Le 1ᵉʳ décembre 2025, le gouvernement tchadien a inauguré le pont de la Refondation, reliant Walia à Chagoua. Cette infrastructure a grandement soulagé les usagers, mettant fin à des années d’embouteillages, et les déplacements plus rapides, notamment grâce au développement du transport en commun.

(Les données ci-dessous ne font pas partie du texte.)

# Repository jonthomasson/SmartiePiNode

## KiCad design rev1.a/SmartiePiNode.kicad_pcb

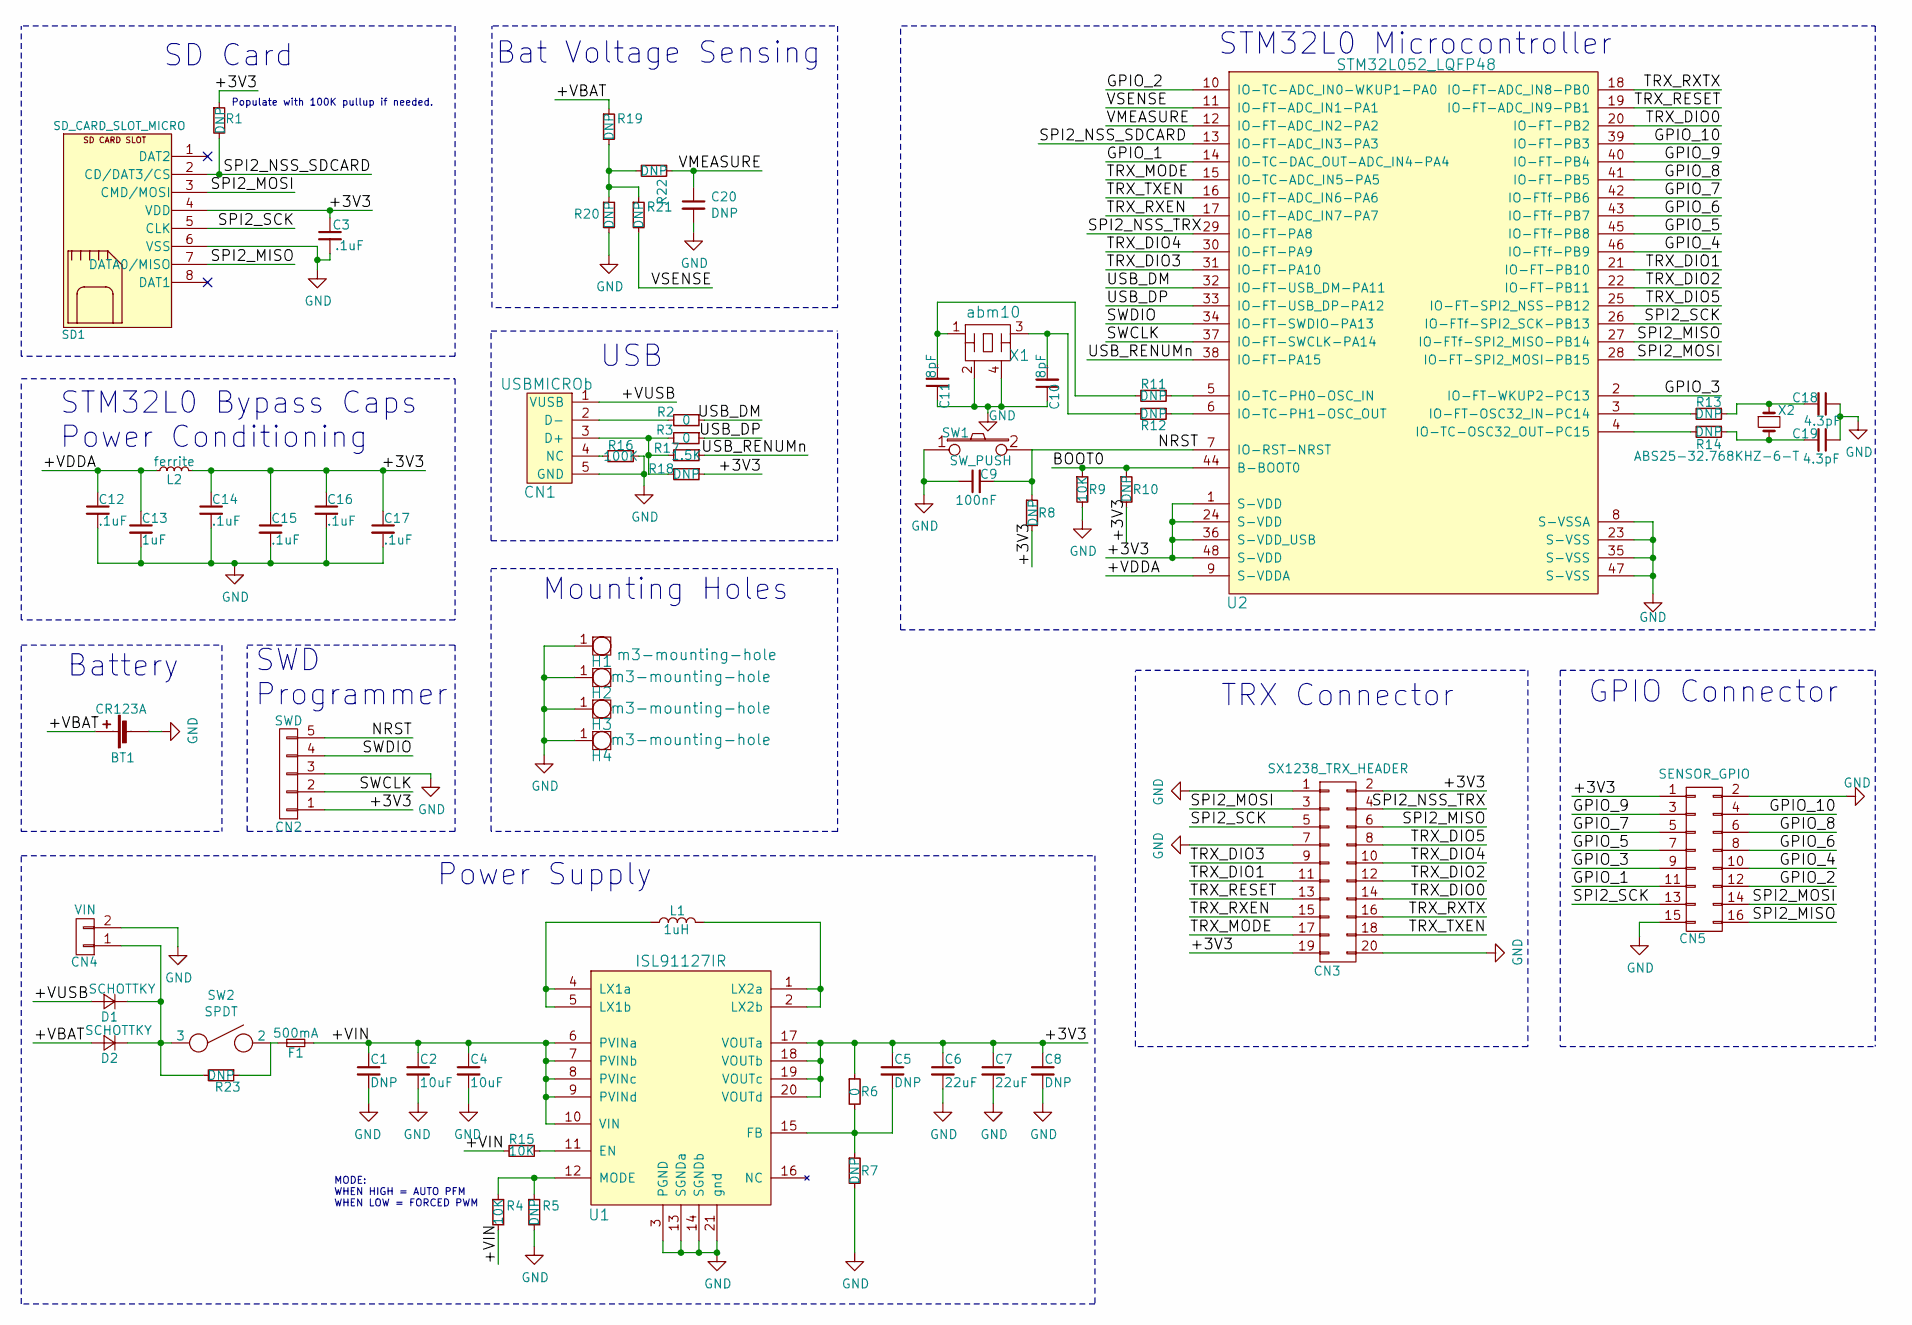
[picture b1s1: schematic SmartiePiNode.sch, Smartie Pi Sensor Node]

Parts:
BT1: CR123A; mpd-BH123A
C1: DNP; C_0805
C2, C4: 10uF; C_0603
C3, C12, C14, C15, C16, C17: .1uF; C_0603
C5, C8, C20: DNP; C_0603
C6, C7: 22uF; C_0603
C9: 100nF; C_0603
C10, C11: 8pF; C_0603
C13: 1uF; C_0603
C18, C19: 4.3pF; C_0603
CN1: USBMICROb; amphenol-microusb-10118194
CN2: SWD; Pin_Header_Straight_1x05
CN3: SX1238_TRX_HEADER; sx1238_trx
CN4: VIN; Pin_Header_Straight_1x02
CN5: SENSOR_GPIO; Pin_Header_Straight_2x08
D1, D2: SCHOTTKY; onsemi-NRVB120VLSFT1G
F1: 500mA; belfuse-c2q
H1, H2, H3, H4: m3-mounting-hole
L1: 1uH; murata-1277AS-H-1R0M
L2: ferrite; MH1608-601Y
R1, R5, R7, R8, R10, R11, R12, R13, R14, R18, R19, R20, R21, R22, R23: DNP; R_0603
R2, R3, R6: 0; R_0603
R4, R9, R15: 10K; R_0603
R16: 100K; R_0603
R17: 1.5K; R_0603
SD1: SD_CARD_SLOT_MICRO; amphenol-microsd-1140084168
SW1: SW_PUSH; SWITCH_1825966_1
SW2: SPDT; copal-cl-sb-12a
U1: ISL91127IR; intersil-isl91127ir
U2: STM32L052_LQFP48; STM32L052C8T6
X1: abm10; abracon-abm10
X2: ABS25-32.768KHZ-6-T; abracon-abs07

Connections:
/+3V3: C3.1, C5.1, C6.1, C7.1, C8.1, C14.1, C15.1, C16.1, C17.1, CN2.1, CN3.2, CN3.19, CN5.1, L2.2, R1.1, R6.1, R8.2, R10.2, R18.1, SD1.4 (VDD), U1.17 (VOUTa), U1.18 (VOUTb), U1.19 (VOUTc), U1.20 (VOUTd), U2.1 (S-VDD), U2.24 (S-VDD), U2.36 (S-VDD_USB), U2.48 (S-VDD)
/+VBAT: BT1.1 (+), D2.2 (A), R19.1
/+VDDA: C12.1, C13.1, L2.1, U2.9 (S-VDDA)
/+VIN: C1.1, C2.1, C4.1, F1.2, R4.2, R15.2, U1.6 (PVINa), U1.7 (PVINb), U1.8 (PVINc), U1.9 (PVINd), U1.10 (VIN)
/+VUSB: CN1.1 (VUSB), D1.2 (A)
/BOOT0: R9.1, R10.1, U2.44 (B-BOOT0)
/GPIO_1: CN5.11, U2.14 (IO-TC-DAC_OUT-ADC_IN4-PA4)
/GPIO_2: CN5.12, U2.10 (IO-TC-ADC_IN0-WKUP1-PA0)
/GPIO_3: CN5.9, U2.2 (IO-FT-WKUP2-PC13)
/GPIO_4: CN5.10, U2.46 (IO-FTf-PB9)
/GPIO_5: CN5.7, U2.45 (IO-FTf-PB8)
/GPIO_6: CN5.8, U2.43 (IO-FTf-PB7)
/GPIO_7: CN5.5, U2.42 (IO-FTf-PB6)
/GPIO_8: CN5.6, U2.41 (IO-FT-PB5)
/GPIO_9: CN5.3, U2.40 (IO-FT-PB4)
/GPIO_10: CN5.4, U2.39 (IO-FT-PB3)
/NRST: C9.2, CN2.5, R8.1, SW1.2, U2.7 (IO-RST-NRST)
/SPI2_MISO: CN3.6, CN5.16, SD1.7 (DATA0/MISO), U2.27 (IO-FTf-SPI2_MISO-PB14)
/SPI2_MOSI: CN3.3, CN5.14, SD1.3 (CMD/MOSI), U2.28 (IO-FT-SPI2_MOSI-PB15)
/SPI2_NSS_SDCARD: R1.2, SD1.2 (CD/DAT3/CS), U2.13 (IO-FT-ADC_IN3-PA3)
/SPI2_NSS_TRX: CN3.4, U2.29 (IO-FT-PA8)
/SPI2_SCK: CN3.5, CN5.13, SD1.5 (CLK), U2.26 (IO-FTf-SPI2_SCK-PB13)
/SWCLK: CN2.2, U2.37 (IO-FT-SWCLK-PA14)
/SWDIO: CN2.4, U2.34 (IO-FT-SWDIO-PA13)
/TRX_DIO0: CN3.14, U2.20 (IO-FT-PB2)
/TRX_DIO1: CN3.11, U2.21 (IO-FT-PB10)
/TRX_DIO2: CN3.12, U2.22 (IO-FT-PB11)
/TRX_DIO3: CN3.9, U2.31 (IO-FT-PA10)
/TRX_DIO4: CN3.10, U2.30 (IO-FT-PA9)
/TRX_DIO5: CN3.8, U2.25 (IO-FT-SPI2_NSS-PB12)
/TRX_MODE: CN3.17, U2.15 (IO-TC-ADC_IN5-PA5)
/TRX_RESET: CN3.13, U2.19 (IO-FT-ADC_IN9-PB1)
/TRX_RXEN: CN3.15, U2.17 (IO-FT-ADC_IN7-PA7)
/TRX_RXTX: CN3.16, U2.18 (IO-FT-ADC_IN8-PB0)
/TRX_TXEN: CN3.18, U2.16 (IO-FT-ADC_IN6-PA6)
/USB_DM: R2.1, U2.32 (IO-FT-USB_DM-PA11)
/USB_DP: R3.1, U2.33 (IO-FT-USB_DP-PA12)
/USB_RENUMn: R17.1, U2.38 (IO-FT-PA15)
/VMEASURE: C20.1, R22.1, U2.12 (IO-FT-ADC_IN2-PA2)
/VSENSE: R21.2, U2.11 (IO-FT-ADC_IN1-PA1)
GND: BT1.2 (-), C1.2, C2.2, C3.2, C4.2, C6.2, C7.2, C8.2, C9.1, C10.1, C11.1, C12.2, C13.2, C14.2, C15.2, C16.2, C17.2, C18.1, C19.1, C20.2, CN1.5 (GND), CN2.3, CN3.1, CN3.7, CN3.20, CN4.2, CN5.2, CN5.15, H1.1, H2.1, H3.1, H4.1, R5.2, R7.2, R9.2, R16.1, R20.2, SD1.6 (VSS), SW1.1, U1.3 (PGND), U1.13 (SGNDa), U1.14 (SGNDb), U1.21 (gnd), U2.8 (S-VSSA), U2.23 (S-VSS), U2.35 (S-VSS), U2.47 (S-VSS), X1.2, X1.4
unnamed: C5.2, R6.2, R7.1, U1.15 (FB)
unnamed: C10.2, R12.2, X1.3
unnamed: C11.2, R11.2, X1.1
unnamed: C18.2, R13.1, X2.2
unnamed: C19.2, R14.1, X2.1
unnamed: CN1.2 (D-), R2.2
unnamed: CN1.3 (D+), R3.2, R17.2, R18.2
unnamed: CN1.4 (NC), R16.2
unnamed: CN4.1, D1.1 (K), D2.1 (K), R23.2, SW2.3
unnamed: F1.1, R23.1, SW2.2
unnamed: L1.1, U1.4 (LX1a), U1.5 (LX1b)
unnamed: L1.2, U1.1 (LX2a), U1.2 (LX2b)
unnamed: R4.1, R5.1, U1.12 (MODE)
unnamed: R11.1, U2.5 (IO-TC-PH0-OSC_IN)
unnamed: R12.1, U2.6 (IO-TC-PH1-OSC_OUT)
unnamed: R13.2, U2.3 (IO-FT-OSC32_IN-PC14)
unnamed: R14.2, U2.4 (IO-TC-OSC32_OUT-PC15)
unnamed: R15.1, U1.11 (EN)
unnamed: R19.2, R20.1, R21.1, R22.2

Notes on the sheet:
Populate with 100K pullup if needed.
Bat Voltage Sensing
MODE: WHEN HIGH = AUTO PFM WHEN LOW = FORCED PWM
SD Card
Battery
SWD Programmer
USB
STM32L0 Bypass Caps Power Conditioning
Power Supply
STM32L0 Microcontroller
Mounting Holes
TRX Connector
GPIO Connector

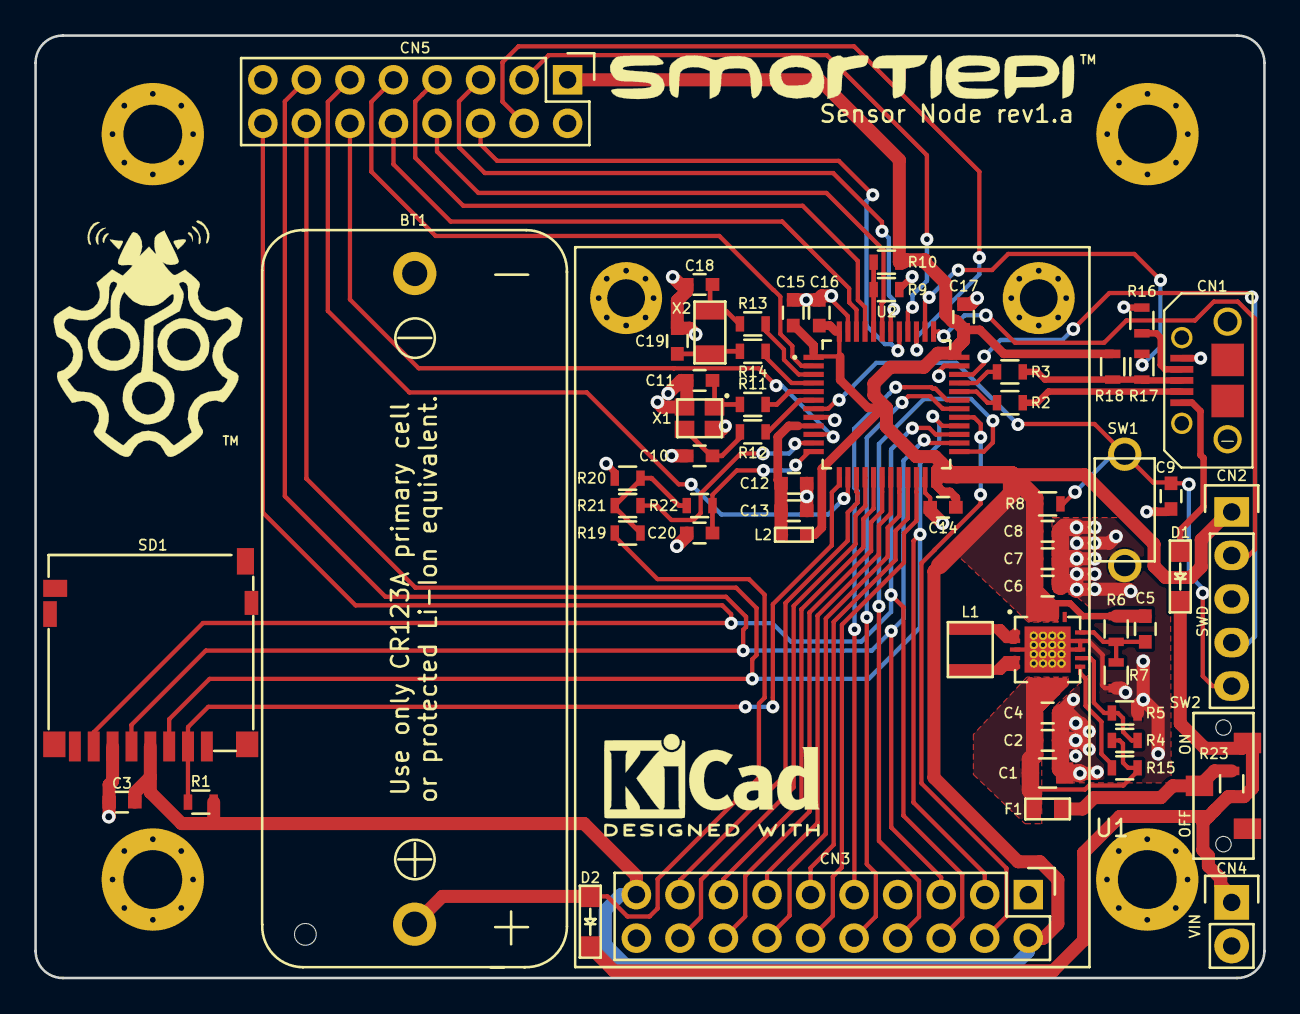
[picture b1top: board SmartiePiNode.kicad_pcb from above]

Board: 2 copper layers, 71.7 x 55.0 mm, 65 parts (0 on the bottom side), 60 nets.

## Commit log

2018-05-22 :octocat: Added .gitattributes & .gitignore files
2018-05-22 Initial checkin. Added SMPS circuit.
2018-05-22 more work on the SMPS.
2018-05-24 more schematic work. Starting on stm32l052_lqfp48 symbol.
2018-05-24 more schematic work. Finished stm32.
2018-05-25 more schematic changes. USB and reset.
2018-05-26 stm32 oscillators and programming interface.
2018-05-26 stm32 spi2
2018-05-27 sd card schematic interface
2018-05-27 finished trx header, battery, power broker circuit, sd card.
2018-05-27 added ST-Link programming interface connector.
2018-05-28 bypass caps for stm32
2018-05-28 added a protection fuse
2018-05-29 started footprint generation
2018-05-31 footprints
2018-06-01 finished battery footprint (BH123A) and 3d model.
2018-06-01 more battery holder modeling and footprint
2018-06-02 hse selection and footprint
2018-06-03 L1 part selection, footprint and 3d model creation.
2018-06-03 sw1 selection footprint and 3d model
2018-06-05 x1 and x2 footprint and 3d models added to cvpcb
2018-06-05 fuse f1 footprint and 3d model added
2018-06-06 stm32l052 footprint and 3d model added
2018-06-06 stm32l052 cvpcb
2018-06-06 l2 ferrite bead footprint and 3d model
2018-06-06 intersil isl91127ir footprint and 3d model
2018-06-07 d1 and d2 schotky diode footprint and 3d models
2018-06-07 double check and fix footprints
2018-06-08 new abm10 schematic symbol and circuitry
2018-06-10 starting pcb layout/design
2018-06-10 finished board outline with mounting holes
2018-06-11 footprint for sx1238 trx module
2018-06-12 starting pcb components placement
2018-06-13 more pcb layout/parts placement.
2018-06-13 more placement and layout.
2018-06-14 more layout
2018-06-15 tweaking final layout a bit more.
2018-06-15 more schematic/usb verification.
2018-06-16 footprint placement and tweaking continued...
2018-06-18 usb and schematic changes/tweaks.
2018-06-18 added battery sensing circuit and a bit more work on usb.
2018-06-19 battery sense circuit and new footprint for voltage reg.
2018-06-19 more pcb layout
2018-06-19 finalizing layout
2018-06-21 optimizing nets
2018-06-22 starting psu/vcc and ground traces.
2018-06-23 figuring out traces for trx and power lines.
2018-06-23 finished routing trx
2018-06-25 finished ground and initial net traces
2018-06-26 more routing of trx and sd card
2018-06-29 everything routed except sensor io header
2018-06-30 created net for sensor gpio header
2018-07-03 finished routing of rev1.a
2018-07-10 added optional power switch
2018-07-10 a few more silk screen and power trace tweaks
2018-07-13 working on smartie pi logo iterations
2018-07-13 first pass with logo and text on silk screen
2018-07-14 more logo tweaks
2018-07-14 more power supply and track optimizing
2018-07-14 finished a few 3d renderings of the board
2018-07-16 cleaning up schematic and pcb a bit.
2018-07-16 added list of supported enclosures to pcb.
2018-07-18 added more schematic capture images
2018-07-27 added tm for logo
2018-07-27 adding gerbers
2018-07-28 added gerbers
2018-07-28 added bom
2018-11-23 added new logo with FREEDOM font.
2019-11-09 upgraded project to kicad 5. Fixing some board outline issues
2020-05-02 updated 3d shapes to kicad 5 naming

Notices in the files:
rev1.a/SmartiePiNode.kicad_pcb:
© Jon Thomasson 2018

Cependant, cette avancée fragilise économiquement les conducteurs de moto-taxis, dont les revenus chutent face à la concurrence des bus commerciaux, jugés plus abordables par les passagers.
Grâce au nouveau pont et à la mise en place des points d’arrêts des bus, beaucoup de personnes dépensent moins pour se déplacer : « Dieu merci, les cars sont disponibles maintenant. On peut payer seulement 200 francs pour un aller-retour rapide, et 300 francs pour une distance moyenne », explique une commerçante anonyme, du marché central.
Mais cette amélioration pose problème à certains, surtout aux clandoman, dont les revenus ont beaucoup baissé, « La circulation est fluide, mais pour nous c’est le déficit total. Avant, le trajet Walia–Dembé coûtait 500 francs. On a baissé à 250 francs, mais on peut passer plus d’une heure sans client. Les gens préfèrent le car », déplore Marcel Djassina, clandoman.
Samkolo Mathias, lui aussi clandoman, confirme. « Avant, je gagnais au moins 5 000 francs par jour. Maintenant, même 2 000 francs, c’est difficile à avoir. »
Le pont de la Refondation améliore le quotidien de nombreux habitants, mais il met aussi certains travailleurs dans une situation difficile.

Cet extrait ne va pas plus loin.